Analysts need to distinguish between coviewing and active mediation because coviewing can occur with or without discussion. Despite the popular view that coviewing should benefit children, coviewing's value is questionable if done without significant evaluative discussion. Often, parents and children watch television together without discussing media content or without discussing it critically, doing so primarily because they like the content and want to share time together. As a result, children appear to interpret coviewing as endorsement. Accordingly, scholars have found that coviewing can increase perceived realism, the learning of aggression, and positive attitudes toward violence and sex.

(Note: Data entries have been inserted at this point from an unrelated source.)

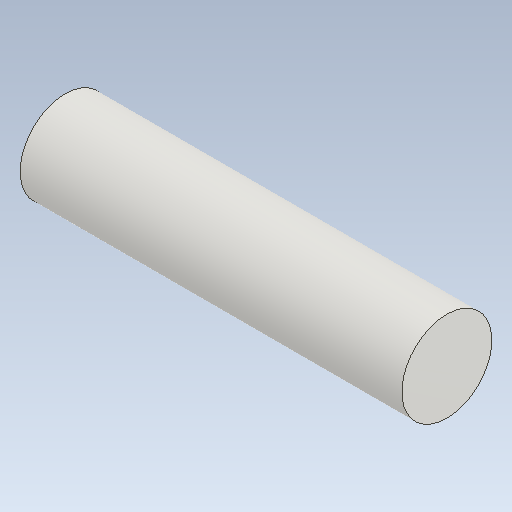
# Autodesk Inventor part: Shaft
Saved by Autodesk Inventor 2021 (Build 250183000, 183)
## iProperties
Created: 2021-03-10
Part Number: Shaft
Material: Steel
Document SubType Name: Modeling
Designer: M3rob
Density: 1 g/cm^3
Appearance: Steel
CustomPartVersion: 1
Author: M3rob
Length: 4.239 in
Autodesk Inventor part; units mm, degrees
ref_plane "Start Plane" through (0, 0, 0) normal (1, 0, 0) x (0, 1, 0)
ref_plane "XZ Plane" through (0, 0, 0) normal (0, 1, 0) x (-1, 0, 0)
ref_plane "XY Plane" through (0, 0, 0) normal (0, 0, 1) x (1, 0, 0)
sketch "Main Sketch" plane through (0, 0, 0) normal (0, 0, 1) x (1, 0, 0)
  line L0 (0, 0) -> (107.6726, 0)
  line L1 (0, 0) -> (0, 12.7)
  line L2 (0, 12.7) -> (100.1502, 12.7)
  line L3 (107.6726, 12.7) -> (107.6726, 0)
  line L4 (100.1502, 12.7) -> (107.6726, 12.7)
  dimension "d3" = 25.4
  dimension "d4" = 25.4
  constraints: 10 end point, 4 horizontal, 2 vertical
  measures "d3" diameter of L2 L0
  measures "d4" diameter of L4 L0
revolve "Revolution1" add sketch "Main Sketch" angle 360 about axis through (0, 0, 0) along (1, 0, 0)
equation "\"Length\" = 107.6706"
body "Solid1"

Parents tend to coview less with older children than with younger children. More frequent coviewers tend to use media more heavily, to speak more positively about television content, to consider television a useful tool, and to possess a more control-oriented communication style. Coviewing appears to be uncorrelated with critical discussion and tends to be positive more often than negative. Nevertheless, while insufficient on its own, coviewing can provide the impetus for discussing issues difficult to bring up in another context, and it can cultivate positive family relationships.

From a theoretical point of view, it appears to matter little which medium is under scrutiny. Although less research exists on parental co-use of new technologies, Peter Nikken and Jeroen Jansz have demonstrated that, as with television coviewing, parents and children tend to play video games together when parents believe that the games have socioemotional benefits. Further paralleling the findings of the television-based studies, Nikken and Jansz have found that what they call conscious coplaying occurs more often among parents who play more often themselves and who have younger children.

To measure coviewing, scholars most commonly isolate coviewing behavior from motivations and discussion, often using global measures and more recently measuring it across genres for added reliability and precision. Patti Valkenburg and colleagues have employed a construct called social coviewing, which incorporates motivational characteristics, behavioral patterns, and affirmative discussion. Scholars have suggested that future research should examine the implications of children's perceptions versus parents' perceptions, which often differ, continue to investigate the implications of passive and active communication patterns between significant adults and children, and expand studies to explore the ramifications of peer-to-peer coviewing and coplaying.